§ Task description: From the data below, copy out every line in which the word "Side" occurs.

◇ ◇ ◇ ◇ ◇

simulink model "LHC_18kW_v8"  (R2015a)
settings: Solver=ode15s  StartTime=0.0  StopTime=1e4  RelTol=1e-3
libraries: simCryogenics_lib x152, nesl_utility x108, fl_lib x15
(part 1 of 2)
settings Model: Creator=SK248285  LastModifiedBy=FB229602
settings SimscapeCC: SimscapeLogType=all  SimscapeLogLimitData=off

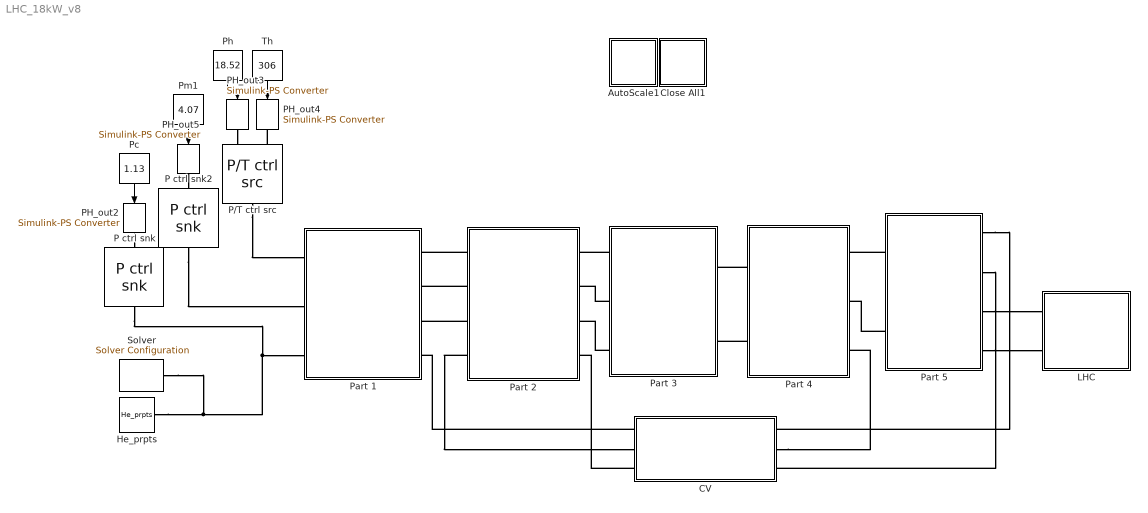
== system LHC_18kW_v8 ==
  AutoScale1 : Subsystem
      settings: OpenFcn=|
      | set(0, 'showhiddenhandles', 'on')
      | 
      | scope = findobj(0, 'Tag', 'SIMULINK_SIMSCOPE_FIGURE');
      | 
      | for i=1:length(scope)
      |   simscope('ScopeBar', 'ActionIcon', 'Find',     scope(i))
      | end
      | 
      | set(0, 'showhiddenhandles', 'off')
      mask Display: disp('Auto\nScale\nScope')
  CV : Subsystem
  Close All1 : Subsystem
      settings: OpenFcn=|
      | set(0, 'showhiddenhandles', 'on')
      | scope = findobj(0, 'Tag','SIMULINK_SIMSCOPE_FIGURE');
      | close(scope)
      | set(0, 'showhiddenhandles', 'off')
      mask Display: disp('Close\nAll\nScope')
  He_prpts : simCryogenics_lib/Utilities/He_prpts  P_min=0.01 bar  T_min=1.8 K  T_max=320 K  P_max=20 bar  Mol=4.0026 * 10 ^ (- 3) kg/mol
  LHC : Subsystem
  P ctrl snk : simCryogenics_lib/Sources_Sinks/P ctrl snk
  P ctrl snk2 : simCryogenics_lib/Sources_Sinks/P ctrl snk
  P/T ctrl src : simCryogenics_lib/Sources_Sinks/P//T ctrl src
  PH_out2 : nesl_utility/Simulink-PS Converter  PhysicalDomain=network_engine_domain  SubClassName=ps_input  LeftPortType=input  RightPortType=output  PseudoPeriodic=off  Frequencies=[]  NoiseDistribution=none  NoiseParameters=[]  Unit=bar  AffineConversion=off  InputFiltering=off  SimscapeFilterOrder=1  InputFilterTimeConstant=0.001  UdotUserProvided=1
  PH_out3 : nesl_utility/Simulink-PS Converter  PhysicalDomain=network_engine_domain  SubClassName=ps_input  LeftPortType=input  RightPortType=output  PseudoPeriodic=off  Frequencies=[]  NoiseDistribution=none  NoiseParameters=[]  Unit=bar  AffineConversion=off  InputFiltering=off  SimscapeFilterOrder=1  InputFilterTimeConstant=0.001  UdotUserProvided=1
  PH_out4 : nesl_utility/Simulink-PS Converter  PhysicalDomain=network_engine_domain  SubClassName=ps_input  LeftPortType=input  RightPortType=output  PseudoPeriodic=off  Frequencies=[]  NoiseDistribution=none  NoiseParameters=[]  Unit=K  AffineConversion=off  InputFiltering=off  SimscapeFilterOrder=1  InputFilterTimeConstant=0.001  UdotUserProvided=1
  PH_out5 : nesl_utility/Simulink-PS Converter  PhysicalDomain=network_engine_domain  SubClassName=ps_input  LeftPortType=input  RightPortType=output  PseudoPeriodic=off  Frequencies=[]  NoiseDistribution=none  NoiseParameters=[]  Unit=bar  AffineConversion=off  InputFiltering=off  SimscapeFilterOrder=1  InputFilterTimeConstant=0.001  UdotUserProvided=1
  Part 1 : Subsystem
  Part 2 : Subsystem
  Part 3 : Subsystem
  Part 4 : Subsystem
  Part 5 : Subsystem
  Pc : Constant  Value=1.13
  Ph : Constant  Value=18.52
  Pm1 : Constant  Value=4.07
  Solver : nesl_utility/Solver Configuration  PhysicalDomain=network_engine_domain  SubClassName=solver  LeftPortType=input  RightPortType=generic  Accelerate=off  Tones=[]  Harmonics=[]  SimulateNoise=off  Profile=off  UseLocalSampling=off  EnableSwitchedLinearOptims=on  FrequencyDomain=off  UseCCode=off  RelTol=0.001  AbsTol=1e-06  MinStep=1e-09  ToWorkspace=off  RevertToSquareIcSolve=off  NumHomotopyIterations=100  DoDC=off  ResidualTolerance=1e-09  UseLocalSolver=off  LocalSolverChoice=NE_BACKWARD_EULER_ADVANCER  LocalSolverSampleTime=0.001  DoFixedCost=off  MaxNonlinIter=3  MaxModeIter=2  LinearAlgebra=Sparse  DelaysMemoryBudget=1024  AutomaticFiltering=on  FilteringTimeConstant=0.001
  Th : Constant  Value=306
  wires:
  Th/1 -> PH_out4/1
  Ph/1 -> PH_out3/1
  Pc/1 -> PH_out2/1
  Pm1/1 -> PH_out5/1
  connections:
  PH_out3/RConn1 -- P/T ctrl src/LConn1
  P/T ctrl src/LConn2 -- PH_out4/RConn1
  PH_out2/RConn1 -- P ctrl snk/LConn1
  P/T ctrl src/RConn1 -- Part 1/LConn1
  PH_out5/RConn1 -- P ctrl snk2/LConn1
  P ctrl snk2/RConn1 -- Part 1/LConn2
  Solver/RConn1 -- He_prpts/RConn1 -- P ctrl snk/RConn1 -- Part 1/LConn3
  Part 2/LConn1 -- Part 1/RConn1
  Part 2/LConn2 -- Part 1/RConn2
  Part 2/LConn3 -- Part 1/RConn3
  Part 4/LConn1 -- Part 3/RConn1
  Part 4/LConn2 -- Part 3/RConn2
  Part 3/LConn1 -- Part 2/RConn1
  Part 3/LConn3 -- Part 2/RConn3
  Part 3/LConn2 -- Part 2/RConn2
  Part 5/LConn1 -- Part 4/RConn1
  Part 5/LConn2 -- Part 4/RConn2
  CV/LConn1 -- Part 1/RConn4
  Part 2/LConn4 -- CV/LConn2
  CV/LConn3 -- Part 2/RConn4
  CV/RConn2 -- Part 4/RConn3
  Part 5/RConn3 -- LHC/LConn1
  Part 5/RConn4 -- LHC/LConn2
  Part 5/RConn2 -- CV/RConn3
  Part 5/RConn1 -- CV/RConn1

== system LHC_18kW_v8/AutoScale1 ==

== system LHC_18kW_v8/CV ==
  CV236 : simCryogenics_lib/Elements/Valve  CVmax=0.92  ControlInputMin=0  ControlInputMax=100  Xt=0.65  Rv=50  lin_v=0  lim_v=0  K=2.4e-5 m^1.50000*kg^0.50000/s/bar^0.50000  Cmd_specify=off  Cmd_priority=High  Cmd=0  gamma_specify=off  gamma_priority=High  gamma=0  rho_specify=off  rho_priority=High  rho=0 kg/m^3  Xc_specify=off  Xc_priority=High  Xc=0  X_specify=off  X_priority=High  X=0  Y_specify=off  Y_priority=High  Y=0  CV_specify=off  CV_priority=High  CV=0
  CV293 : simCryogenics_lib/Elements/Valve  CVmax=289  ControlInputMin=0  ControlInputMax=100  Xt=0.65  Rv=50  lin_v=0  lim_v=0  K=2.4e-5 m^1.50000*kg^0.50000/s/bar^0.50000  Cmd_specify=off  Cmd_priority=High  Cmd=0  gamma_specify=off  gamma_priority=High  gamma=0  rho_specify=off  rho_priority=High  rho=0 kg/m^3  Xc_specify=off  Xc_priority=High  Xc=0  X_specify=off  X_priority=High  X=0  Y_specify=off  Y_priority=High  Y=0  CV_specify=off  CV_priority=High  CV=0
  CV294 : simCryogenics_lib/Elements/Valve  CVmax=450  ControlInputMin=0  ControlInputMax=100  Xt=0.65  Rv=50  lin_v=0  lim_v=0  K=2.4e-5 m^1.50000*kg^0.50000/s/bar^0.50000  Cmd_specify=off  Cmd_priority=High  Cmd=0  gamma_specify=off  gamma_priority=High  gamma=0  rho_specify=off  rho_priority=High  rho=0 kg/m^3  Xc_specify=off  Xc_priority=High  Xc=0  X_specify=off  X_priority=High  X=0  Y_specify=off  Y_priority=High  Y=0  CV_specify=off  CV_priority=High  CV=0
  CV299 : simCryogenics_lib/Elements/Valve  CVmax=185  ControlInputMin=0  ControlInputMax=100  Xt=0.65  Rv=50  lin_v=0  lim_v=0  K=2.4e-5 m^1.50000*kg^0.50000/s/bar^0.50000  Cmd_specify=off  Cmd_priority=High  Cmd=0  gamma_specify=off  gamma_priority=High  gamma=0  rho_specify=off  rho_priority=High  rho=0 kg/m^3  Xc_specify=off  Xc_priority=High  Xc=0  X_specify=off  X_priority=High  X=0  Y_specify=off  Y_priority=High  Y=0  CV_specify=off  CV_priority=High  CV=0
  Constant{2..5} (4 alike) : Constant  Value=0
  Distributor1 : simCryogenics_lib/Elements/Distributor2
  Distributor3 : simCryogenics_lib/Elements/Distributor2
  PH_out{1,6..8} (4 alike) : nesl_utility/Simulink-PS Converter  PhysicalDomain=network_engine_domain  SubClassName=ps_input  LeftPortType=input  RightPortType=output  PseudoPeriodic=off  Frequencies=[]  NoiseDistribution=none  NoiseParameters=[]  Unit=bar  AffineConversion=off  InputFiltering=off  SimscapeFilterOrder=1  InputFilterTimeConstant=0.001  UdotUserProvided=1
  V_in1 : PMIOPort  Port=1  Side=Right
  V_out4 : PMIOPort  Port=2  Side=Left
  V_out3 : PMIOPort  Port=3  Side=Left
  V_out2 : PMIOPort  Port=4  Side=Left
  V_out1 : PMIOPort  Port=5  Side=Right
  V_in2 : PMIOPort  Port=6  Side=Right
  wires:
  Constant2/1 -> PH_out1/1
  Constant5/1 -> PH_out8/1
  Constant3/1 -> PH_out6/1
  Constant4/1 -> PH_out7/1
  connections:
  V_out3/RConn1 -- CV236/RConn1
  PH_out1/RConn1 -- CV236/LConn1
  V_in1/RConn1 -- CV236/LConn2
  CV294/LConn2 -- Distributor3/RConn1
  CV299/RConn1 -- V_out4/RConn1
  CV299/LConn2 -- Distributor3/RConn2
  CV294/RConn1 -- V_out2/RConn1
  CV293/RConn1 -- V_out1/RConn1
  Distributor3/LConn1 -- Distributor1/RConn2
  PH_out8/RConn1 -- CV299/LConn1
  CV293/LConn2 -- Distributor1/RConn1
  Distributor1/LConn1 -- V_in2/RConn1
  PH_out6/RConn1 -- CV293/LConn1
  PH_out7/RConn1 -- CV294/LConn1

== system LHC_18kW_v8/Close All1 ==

◇ ◇ ◇ ◇ ◇

§ Answer box:
  V_in1 : PMIOPort  Port=1  Side=Right
  V_out4 : PMIOPort  Port=2  Side=Left
  V_out3 : PMIOPort  Port=3  Side=Left
  V_out2 : PMIOPort  Port=4  Side=Left
  V_out1 : PMIOPort  Port=5  Side=Right
  V_in2 : PMIOPort  Port=6  Side=Right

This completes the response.